From the living room came the soft sounds of smooth jazz, drifting from her stereo as cool and haunting as the evening breeze sliding down off the mountain. Through the open kitchen window, she could hear her next-door neighbors laughing and talking as they barbecued what smelled like heaven. And here, in chez Cunningham, she thought with a sigh, one tasty baloney sandwich coming right up.
But she wasn’t even hungry.
Her stomach was twisted into so many knots, Lily was fairly sure she wouldn’t be able to choke down a bite of food. By trying to prepare a steak, she’d been trying to convince herself that everything was normal. As it should be. But it was pointless.

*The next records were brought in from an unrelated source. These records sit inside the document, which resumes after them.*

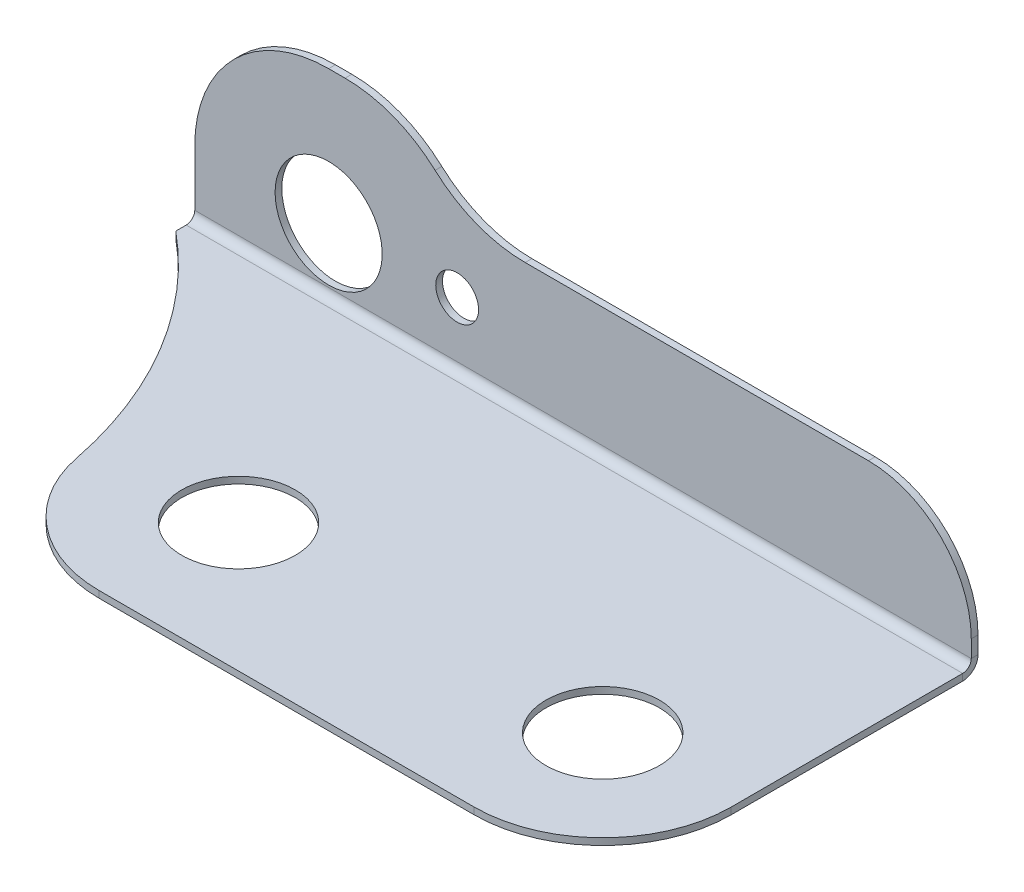
ISO-10303-21;
HEADER;
FILE_DESCRIPTION(('STEP AP214'),'2;1');
FILE_NAME('part.step','',(''),(''),'','','');
FILE_SCHEMA(('AUTOMOTIVE_DESIGN { 1 0 10303 214 1 1 1 1 }'));
ENDSEC;
DATA;
#1=APPLICATION_CONTEXT('core data for automotive mechanical design processes');
#2=APPLICATION_PROTOCOL_DEFINITION('international standard','automotive_design',2000,#1);
#3=PRODUCT_CONTEXT('',#1,'mechanical');
#4=PRODUCT('Part','Part','',(#3));
#5=PRODUCT_RELATED_PRODUCT_CATEGORY('part','',(#4));
#6=PRODUCT_DEFINITION_FORMATION('','',#4);
#7=PRODUCT_DEFINITION_CONTEXT('part definition',#1,'design');
#8=PRODUCT_DEFINITION('design','',#6,#7);
#9=PRODUCT_DEFINITION_SHAPE('','',#8);
#10=(LENGTH_UNIT() NAMED_UNIT(*) SI_UNIT(.MILLI.,.METRE.));
#11=(NAMED_UNIT(*) PLANE_ANGLE_UNIT() SI_UNIT($,.RADIAN.));
#12=(NAMED_UNIT(*) SI_UNIT($,.STERADIAN.) SOLID_ANGLE_UNIT());
#13=UNCERTAINTY_MEASURE_WITH_UNIT(LENGTH_MEASURE(1.E-05),#10,'distance_accuracy_value','');
#14=(GEOMETRIC_REPRESENTATION_CONTEXT(3) GLOBAL_UNCERTAINTY_ASSIGNED_CONTEXT((#13)) GLOBAL_UNIT_ASSIGNED_CONTEXT((#10,
#11,#12)) REPRESENTATION_CONTEXT('',''));
#15=CARTESIAN_POINT('',(0.,0.,0.));
#16=DIRECTION('',(0.,0.,1.));
#17=DIRECTION('',(1.,0.,0.));
#18=AXIS2_PLACEMENT_3D('',#15,#16,#17);
#19=CARTESIAN_POINT('',(-27.6225,-0.39878,-14.6328892));
#20=DIRECTION('',(-1.,0.,0.));
#21=DIRECTION('',(0.,1.,0.));
#22=AXIS2_PLACEMENT_3D('',#19,#20,#21);
#23=PLANE('',#22);
#24=DIRECTION('',(0.,0.,-1.));
#25=VECTOR('',#24,1.);
#26=CARTESIAN_POINT('',(-27.6225,0.50922,-14.6328892));
#27=LINE('',#26,#25);
#28=CARTESIAN_POINT('',(-27.6225,0.50922,-14.2328892));
#29=VERTEX_POINT('',#28);
#30=CARTESIAN_POINT('',(-27.6225,0.50922,-14.6328892));
#31=VERTEX_POINT('',#30);
#32=EDGE_CURVE('E11',#29,#31,#27,.T.);
#33=ORIENTED_EDGE('',*,*,#32,.F.);
#34=DIRECTION('',(0.,1.,0.));
#35=VECTOR('',#34,1.);
#36=CARTESIAN_POINT('',(-27.6225,-0.39878,-14.2328892));
#37=LINE('',#36,#35);
#38=CARTESIAN_POINT('',(-27.6225,3.81,-14.2328892));
#39=VERTEX_POINT('',#38);
#40=EDGE_CURVE('E111',#29,#39,#37,.T.);
#41=ORIENTED_EDGE('',*,*,#40,.T.);
#42=DIRECTION('',(0.,0.,-1.));
#43=VECTOR('',#42,1.);
#44=CARTESIAN_POINT('',(-27.6225,3.81,-14.6328892));
#45=LINE('',#44,#43);
#46=CARTESIAN_POINT('',(-27.6225,3.81,-14.6328892));
#47=VERTEX_POINT('',#46);
#48=EDGE_CURVE('E48',#39,#47,#45,.T.);
#49=ORIENTED_EDGE('',*,*,#48,.T.);
#50=DIRECTION('',(0.,1.,0.));
#51=VECTOR('',#50,1.);
#52=CARTESIAN_POINT('',(-27.6225,-0.39878,-14.6328892));
#53=LINE('',#52,#51);
#54=EDGE_CURVE('E113',#31,#47,#53,.T.);
#55=ORIENTED_EDGE('',*,*,#54,.F.);
#56=EDGE_LOOP('',(#33,#41,#49,#55));
#57=FACE_BOUND('',#56,.T.);
#58=ADVANCED_FACE('F38',(#57),#23,.T.);
#59=CARTESIAN_POINT('',(-19.685,3.81,-14.6328892));
#60=DIRECTION('',(0.,0.,-1.));
#61=DIRECTION('',(-1.,0.,0.));
#62=AXIS2_PLACEMENT_3D('',#59,#60,#61);
#63=CYLINDRICAL_SURFACE('',#62,7.9375);
#64=ORIENTED_EDGE('',*,*,#48,.F.);
#65=CARTESIAN_POINT('',(-19.685,3.81,-14.2328892));
#66=DIRECTION('',(0.,0.,-1.));
#67=DIRECTION('',(-1.,0.,0.));
#68=AXIS2_PLACEMENT_3D('',#65,#66,#67);
#69=CIRCLE('',#68,7.9375);
#70=CARTESIAN_POINT('',(-19.685,11.7475,-14.2328892));
#71=VERTEX_POINT('',#70);
#72=EDGE_CURVE('E138',#39,#71,#69,.T.);
#73=ORIENTED_EDGE('',*,*,#72,.T.);
#74=DIRECTION('',(0.,0.,-1.));
#75=VECTOR('',#74,1.);
#76=CARTESIAN_POINT('',(-19.685,11.7475,-14.6328892));
#77=LINE('',#76,#75);
#78=CARTESIAN_POINT('',(-19.685,11.7475,-14.6328892));
#79=VERTEX_POINT('',#78);
#80=EDGE_CURVE('E189',#71,#79,#77,.T.);
#81=ORIENTED_EDGE('',*,*,#80,.T.);
#82=CARTESIAN_POINT('',(-19.685,3.81,-14.6328892));
#83=DIRECTION('',(0.,0.,-1.));
#84=DIRECTION('',(-1.,0.,0.));
#85=AXIS2_PLACEMENT_3D('',#82,#83,#84);
#86=CIRCLE('',#85,7.9375);
#87=EDGE_CURVE('E203',#47,#79,#86,.T.);
#88=ORIENTED_EDGE('',*,*,#87,.F.);
#89=EDGE_LOOP('',(#64,#73,#81,#88));
#90=FACE_BOUND('',#89,.T.);
#91=ADVANCED_FACE('F209',(#90),#63,.T.);
#92=CARTESIAN_POINT('',(-27.6225,11.7475,-14.6328892));
#93=DIRECTION('',(0.,-1.,0.));
#94=DIRECTION('',(-1.,0.,0.));
#95=AXIS2_PLACEMENT_3D('',#92,#93,#94);
#96=PLANE('',#95);
#97=ORIENTED_EDGE('',*,*,#80,.F.);
#98=DIRECTION('',(-1.,0.,0.));
#99=VECTOR('',#98,1.);
#100=CARTESIAN_POINT('',(18.415,11.7475,-14.2328892));
#101=LINE('',#100,#99);
#102=CARTESIAN_POINT('',(-18.710818623329,11.7475,-14.2328892));
#103=VERTEX_POINT('',#102);
#104=EDGE_CURVE('E153',#103,#71,#101,.T.);
#105=ORIENTED_EDGE('',*,*,#104,.F.);
#106=DIRECTION('',(0.,0.,-1.));
#107=VECTOR('',#106,1.);
#108=CARTESIAN_POINT('',(-18.710818623329,11.7475,-14.6328892));
#109=LINE('',#108,#107);
#110=CARTESIAN_POINT('',(-18.710818623329,11.7475,-14.6328892));
#111=VERTEX_POINT('',#110);
#112=EDGE_CURVE('E186',#103,#111,#109,.T.);
#113=ORIENTED_EDGE('',*,*,#112,.T.);
#114=DIRECTION('',(-1.,0.,0.));
#115=VECTOR('',#114,1.);
#116=CARTESIAN_POINT('',(-27.6225,11.7475,-14.6328892));
#117=LINE('',#116,#115);
#118=EDGE_CURVE('E289',#111,#79,#117,.T.);
#119=ORIENTED_EDGE('',*,*,#118,.T.);
#120=EDGE_LOOP('',(#97,#105,#113,#119));
#121=FACE_BOUND('',#120,.T.);
#122=ADVANCED_FACE('F287',(#121),#96,.F.);
#123=CARTESIAN_POINT('',(-18.710818623329,3.81,-14.6328892));
#124=DIRECTION('',(0.,0.,-1.));
#125=DIRECTION('',(-1.,0.,0.));
#126=AXIS2_PLACEMENT_3D('',#123,#124,#125);
#127=CYLINDRICAL_SURFACE('',#126,7.9375);
#128=ORIENTED_EDGE('',*,*,#112,.F.);
#129=CARTESIAN_POINT('',(-18.710818623329,3.81,-14.2328892));
#130=DIRECTION('',(0.,0.,-1.));
#131=DIRECTION('',(-1.,0.,0.));
#132=AXIS2_PLACEMENT_3D('',#129,#130,#131);
#133=CIRCLE('',#132,7.9375);
#134=CARTESIAN_POINT('',(-13.3720016019749,9.68375,-14.2328892));
#135=VERTEX_POINT('',#134);
#136=EDGE_CURVE('E280',#103,#135,#133,.T.);
#137=ORIENTED_EDGE('',*,*,#136,.T.);
#138=DIRECTION('',(0.,0.,-1.));
#139=VECTOR('',#138,1.);
#140=CARTESIAN_POINT('',(-13.3720016019749,9.68375,-14.6328892));
#141=LINE('',#140,#139);
#142=CARTESIAN_POINT('',(-13.3720016019749,9.68375,-14.6328892));
#143=VERTEX_POINT('',#142);
#144=EDGE_CURVE('E183',#135,#143,#141,.T.);
#145=ORIENTED_EDGE('',*,*,#144,.T.);
#146=CARTESIAN_POINT('',(-18.710818623329,3.81,-14.6328892));
#147=DIRECTION('',(0.,0.,-1.));
#148=DIRECTION('',(-1.,0.,0.));
#149=AXIS2_PLACEMENT_3D('',#146,#147,#148);
#150=CIRCLE('',#149,7.9375);
#151=EDGE_CURVE('E294',#111,#143,#150,.T.);
#152=ORIENTED_EDGE('',*,*,#151,.F.);
#153=EDGE_LOOP('',(#128,#137,#145,#152));
#154=FACE_BOUND('',#153,.T.);
#155=ADVANCED_FACE('F348',(#154),#127,.T.);
#156=CARTESIAN_POINT('',(-8.03318458062082,15.5575,-14.6328892));
#157=DIRECTION('',(0.,0.,-1.));
#158=DIRECTION('',(-1.,0.,0.));
#159=AXIS2_PLACEMENT_3D('',#156,#157,#158);
#160=CYLINDRICAL_SURFACE('',#159,7.9375);
#161=ORIENTED_EDGE('',*,*,#144,.F.);
#162=CARTESIAN_POINT('',(-8.03318458062082,15.5575,-14.2328892));
#163=DIRECTION('',(0.,0.,-1.));
#164=DIRECTION('',(-1.,0.,0.));
#165=AXIS2_PLACEMENT_3D('',#162,#163,#164);
#166=CIRCLE('',#165,7.9375);
#167=CARTESIAN_POINT('',(-8.03318458062081,7.62,-14.2328892));
#168=VERTEX_POINT('',#167);
#169=EDGE_CURVE('E277',#135,#168,#166,.F.);
#170=ORIENTED_EDGE('',*,*,#169,.T.);
#171=DIRECTION('',(0.,0.,-1.));
#172=VECTOR('',#171,1.);
#173=CARTESIAN_POINT('',(-8.03318458062081,7.62,-14.6328892));
#174=LINE('',#173,#172);
#175=CARTESIAN_POINT('',(-8.03318458062081,7.62,-14.6328892));
#176=VERTEX_POINT('',#175);
#177=EDGE_CURVE('E180',#168,#176,#174,.T.);
#178=ORIENTED_EDGE('',*,*,#177,.T.);
#179=CARTESIAN_POINT('',(-8.03318458062082,15.5575,-14.6328892));
#180=DIRECTION('',(0.,0.,-1.));
#181=DIRECTION('',(-1.,0.,0.));
#182=AXIS2_PLACEMENT_3D('',#179,#180,#181);
#183=CIRCLE('',#182,7.9375);
#184=EDGE_CURVE('E297',#143,#176,#183,.F.);
#185=ORIENTED_EDGE('',*,*,#184,.F.);
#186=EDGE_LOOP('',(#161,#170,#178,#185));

What was the use of lying to yourself?
Her world wasn’t normal.
And it probably never would be again.
Ever since leaving Myrtle’s house, she’d been remembering Ron. Standing beside him in the shade of the old trees, she’d almost been able to feel his confusion. His indecision.
Her heart ached at the memory, and she felt foolish. For heaven’s sake, she’d known going into this that Ron didn’t—wouldn’t—love her. His loyalty, his affection, were still with the woman he’d married and lost.
Nothing had changed.
So why, then, did she feel so…disappointed?
“Lily?”
A deep, familiar voice called her name, and everything in her quickened. Her pulse skipped happily, and her heartbeat thundered in her ears. Apparently, knowing that you were being foolish wasn’t enough to correct the situation.
She straightened up in her chair and shot a look at the empty doorway leading to the living room and the open front door beyond. Lily was already pushing up from her chair when Ron’s voice came again.